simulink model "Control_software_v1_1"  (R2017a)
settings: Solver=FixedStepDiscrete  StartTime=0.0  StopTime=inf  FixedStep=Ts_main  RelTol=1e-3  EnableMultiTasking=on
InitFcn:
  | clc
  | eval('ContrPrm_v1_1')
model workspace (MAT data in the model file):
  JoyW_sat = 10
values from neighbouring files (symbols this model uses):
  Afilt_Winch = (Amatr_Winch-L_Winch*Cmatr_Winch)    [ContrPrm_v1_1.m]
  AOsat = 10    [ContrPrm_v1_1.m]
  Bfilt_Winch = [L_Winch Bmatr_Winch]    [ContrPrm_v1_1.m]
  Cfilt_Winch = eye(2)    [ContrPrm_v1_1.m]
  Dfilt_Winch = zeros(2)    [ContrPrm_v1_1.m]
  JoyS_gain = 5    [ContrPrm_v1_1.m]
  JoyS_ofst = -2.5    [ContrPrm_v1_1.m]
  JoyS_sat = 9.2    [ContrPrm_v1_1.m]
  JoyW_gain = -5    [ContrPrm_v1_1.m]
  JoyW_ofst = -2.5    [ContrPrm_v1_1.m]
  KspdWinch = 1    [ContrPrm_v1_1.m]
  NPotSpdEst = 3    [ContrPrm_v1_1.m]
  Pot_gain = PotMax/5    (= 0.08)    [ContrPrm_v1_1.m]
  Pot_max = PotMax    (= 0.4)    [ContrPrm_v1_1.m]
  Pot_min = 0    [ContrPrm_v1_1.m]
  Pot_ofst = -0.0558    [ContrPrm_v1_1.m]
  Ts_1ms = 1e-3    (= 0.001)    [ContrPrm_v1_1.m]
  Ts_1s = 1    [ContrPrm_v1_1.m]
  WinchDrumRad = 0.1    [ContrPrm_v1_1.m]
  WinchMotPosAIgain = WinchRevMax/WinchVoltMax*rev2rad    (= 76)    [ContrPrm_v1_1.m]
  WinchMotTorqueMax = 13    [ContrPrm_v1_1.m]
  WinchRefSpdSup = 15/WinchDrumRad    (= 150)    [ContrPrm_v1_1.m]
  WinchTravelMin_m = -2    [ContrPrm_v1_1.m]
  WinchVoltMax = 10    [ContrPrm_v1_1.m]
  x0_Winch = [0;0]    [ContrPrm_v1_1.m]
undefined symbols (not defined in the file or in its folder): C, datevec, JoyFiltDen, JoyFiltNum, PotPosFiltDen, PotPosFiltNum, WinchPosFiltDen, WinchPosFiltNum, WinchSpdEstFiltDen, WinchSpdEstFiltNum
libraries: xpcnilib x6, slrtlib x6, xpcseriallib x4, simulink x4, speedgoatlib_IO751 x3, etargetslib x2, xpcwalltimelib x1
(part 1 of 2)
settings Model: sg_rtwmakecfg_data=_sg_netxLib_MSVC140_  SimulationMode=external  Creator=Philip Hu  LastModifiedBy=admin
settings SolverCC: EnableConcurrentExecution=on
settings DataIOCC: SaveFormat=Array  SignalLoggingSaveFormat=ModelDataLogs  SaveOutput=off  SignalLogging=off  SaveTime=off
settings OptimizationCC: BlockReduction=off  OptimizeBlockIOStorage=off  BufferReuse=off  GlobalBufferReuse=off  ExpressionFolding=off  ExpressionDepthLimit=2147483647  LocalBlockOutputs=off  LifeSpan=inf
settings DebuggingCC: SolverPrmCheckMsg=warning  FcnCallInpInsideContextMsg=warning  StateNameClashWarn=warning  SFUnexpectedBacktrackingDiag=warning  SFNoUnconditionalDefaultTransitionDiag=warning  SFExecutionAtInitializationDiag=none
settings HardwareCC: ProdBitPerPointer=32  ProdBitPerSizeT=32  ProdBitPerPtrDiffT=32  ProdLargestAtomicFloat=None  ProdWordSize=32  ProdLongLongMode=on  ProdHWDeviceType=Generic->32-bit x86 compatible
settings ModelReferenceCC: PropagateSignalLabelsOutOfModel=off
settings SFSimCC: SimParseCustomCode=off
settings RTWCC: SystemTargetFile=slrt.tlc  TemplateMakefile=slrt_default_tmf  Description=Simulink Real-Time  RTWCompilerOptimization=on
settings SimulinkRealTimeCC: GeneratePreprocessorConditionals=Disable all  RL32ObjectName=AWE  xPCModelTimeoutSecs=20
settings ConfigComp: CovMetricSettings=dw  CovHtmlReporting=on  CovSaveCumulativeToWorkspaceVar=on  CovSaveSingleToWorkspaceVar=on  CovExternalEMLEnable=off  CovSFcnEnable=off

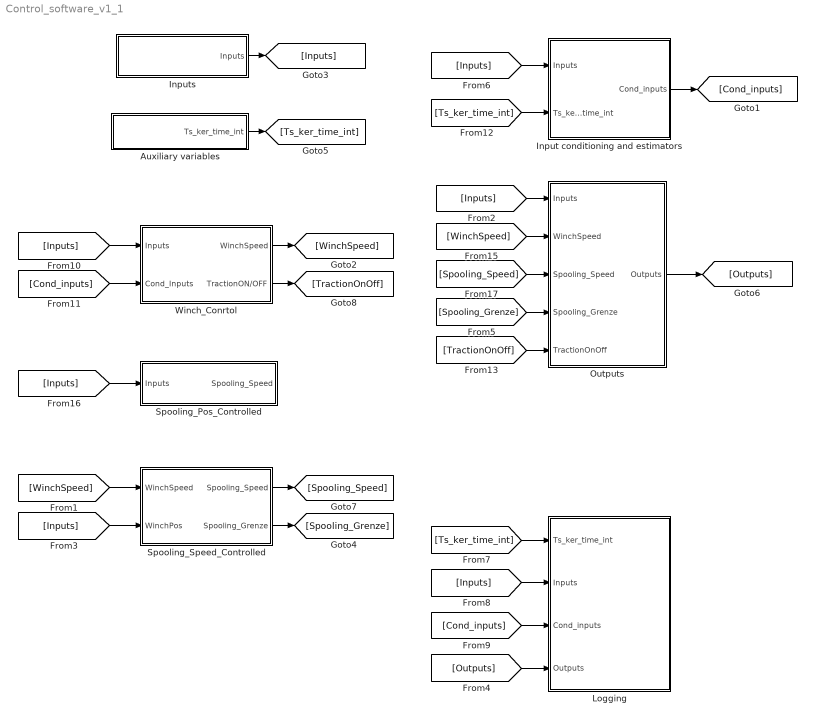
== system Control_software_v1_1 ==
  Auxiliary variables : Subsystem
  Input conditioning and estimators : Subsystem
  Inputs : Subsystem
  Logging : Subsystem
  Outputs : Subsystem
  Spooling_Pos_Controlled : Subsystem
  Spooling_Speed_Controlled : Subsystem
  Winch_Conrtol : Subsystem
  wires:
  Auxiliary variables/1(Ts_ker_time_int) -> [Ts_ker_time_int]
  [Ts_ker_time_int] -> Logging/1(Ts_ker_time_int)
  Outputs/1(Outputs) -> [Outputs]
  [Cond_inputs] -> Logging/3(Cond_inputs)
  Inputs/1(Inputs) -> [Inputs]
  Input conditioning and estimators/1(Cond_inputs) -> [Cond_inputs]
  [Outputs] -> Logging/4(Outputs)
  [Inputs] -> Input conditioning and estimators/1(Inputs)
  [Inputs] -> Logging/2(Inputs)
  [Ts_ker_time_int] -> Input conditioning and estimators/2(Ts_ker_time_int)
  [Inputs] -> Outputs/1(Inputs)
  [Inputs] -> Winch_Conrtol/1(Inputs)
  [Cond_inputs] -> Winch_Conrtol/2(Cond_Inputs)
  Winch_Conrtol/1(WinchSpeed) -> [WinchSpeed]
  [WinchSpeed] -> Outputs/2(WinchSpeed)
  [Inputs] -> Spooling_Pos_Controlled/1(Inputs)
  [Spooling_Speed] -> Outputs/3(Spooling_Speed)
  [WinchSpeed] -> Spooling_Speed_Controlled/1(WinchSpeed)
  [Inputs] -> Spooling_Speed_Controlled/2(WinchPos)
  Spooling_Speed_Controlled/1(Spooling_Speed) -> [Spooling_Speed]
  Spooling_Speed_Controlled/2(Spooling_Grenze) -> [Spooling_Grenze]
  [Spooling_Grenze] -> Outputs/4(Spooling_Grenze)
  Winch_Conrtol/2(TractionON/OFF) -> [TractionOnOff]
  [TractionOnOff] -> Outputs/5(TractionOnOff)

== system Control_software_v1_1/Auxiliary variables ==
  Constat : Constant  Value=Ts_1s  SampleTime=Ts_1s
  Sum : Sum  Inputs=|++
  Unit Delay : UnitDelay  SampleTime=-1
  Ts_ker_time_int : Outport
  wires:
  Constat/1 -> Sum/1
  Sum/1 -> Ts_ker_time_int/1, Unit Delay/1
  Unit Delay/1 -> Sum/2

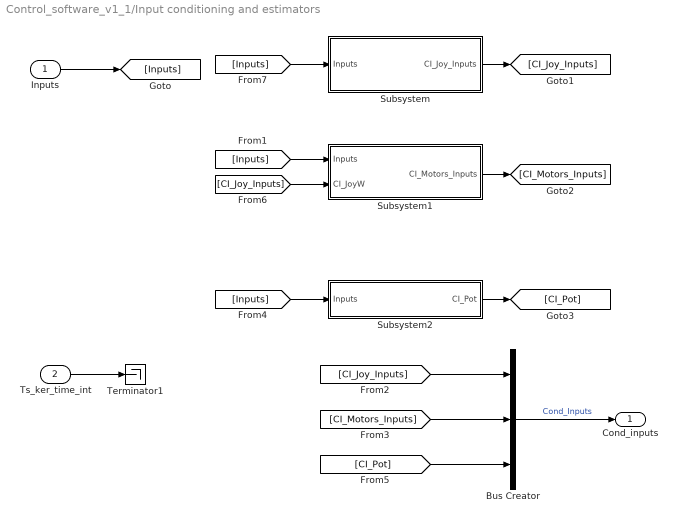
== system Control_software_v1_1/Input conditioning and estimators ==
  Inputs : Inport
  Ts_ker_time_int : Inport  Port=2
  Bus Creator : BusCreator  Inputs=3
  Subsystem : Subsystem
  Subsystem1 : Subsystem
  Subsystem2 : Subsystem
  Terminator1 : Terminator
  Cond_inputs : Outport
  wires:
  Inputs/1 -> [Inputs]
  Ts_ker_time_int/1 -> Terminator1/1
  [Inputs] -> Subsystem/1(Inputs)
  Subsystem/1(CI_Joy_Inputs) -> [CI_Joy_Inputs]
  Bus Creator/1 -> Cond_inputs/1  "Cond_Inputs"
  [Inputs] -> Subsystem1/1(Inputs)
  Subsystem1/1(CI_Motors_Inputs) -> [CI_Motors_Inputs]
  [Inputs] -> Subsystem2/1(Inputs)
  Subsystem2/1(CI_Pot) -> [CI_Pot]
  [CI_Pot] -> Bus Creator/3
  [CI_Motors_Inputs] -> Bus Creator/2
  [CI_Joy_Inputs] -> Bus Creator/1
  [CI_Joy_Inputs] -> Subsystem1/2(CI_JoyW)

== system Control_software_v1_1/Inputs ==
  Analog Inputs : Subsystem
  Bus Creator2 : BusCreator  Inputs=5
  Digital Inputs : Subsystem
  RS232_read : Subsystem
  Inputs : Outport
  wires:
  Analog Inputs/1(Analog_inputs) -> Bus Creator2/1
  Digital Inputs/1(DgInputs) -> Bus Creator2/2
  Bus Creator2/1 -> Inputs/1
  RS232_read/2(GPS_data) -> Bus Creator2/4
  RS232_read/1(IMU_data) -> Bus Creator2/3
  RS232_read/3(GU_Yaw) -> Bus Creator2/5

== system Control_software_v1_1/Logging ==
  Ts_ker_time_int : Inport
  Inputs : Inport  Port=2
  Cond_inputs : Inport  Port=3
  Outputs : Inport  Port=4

________________

**What to produce**.
Every line above from the line with "settings HardwareCC: ProdBitPerPointer=32" to the line with "settings RTWCC: SystemTargetFile=slrt.tlc", both included, must be reproduced exactly, and no other line may appear.

**Solution**.
settings HardwareCC: ProdBitPerPointer=32  ProdBitPerSizeT=32  ProdBitPerPtrDiffT=32  ProdLargestAtomicFloat=None  ProdWordSize=32  ProdLongLongMode=on  ProdHWDeviceType=Generic->32-bit x86 compatible
settings ModelReferenceCC: PropagateSignalLabelsOutOfModel=off
settings SFSimCC: SimParseCustomCode=off
settings RTWCC: SystemTargetFile=slrt.tlc  TemplateMakefile=slrt_default_tmf  Description=Simulink Real-Time  RTWCompilerOptimization=on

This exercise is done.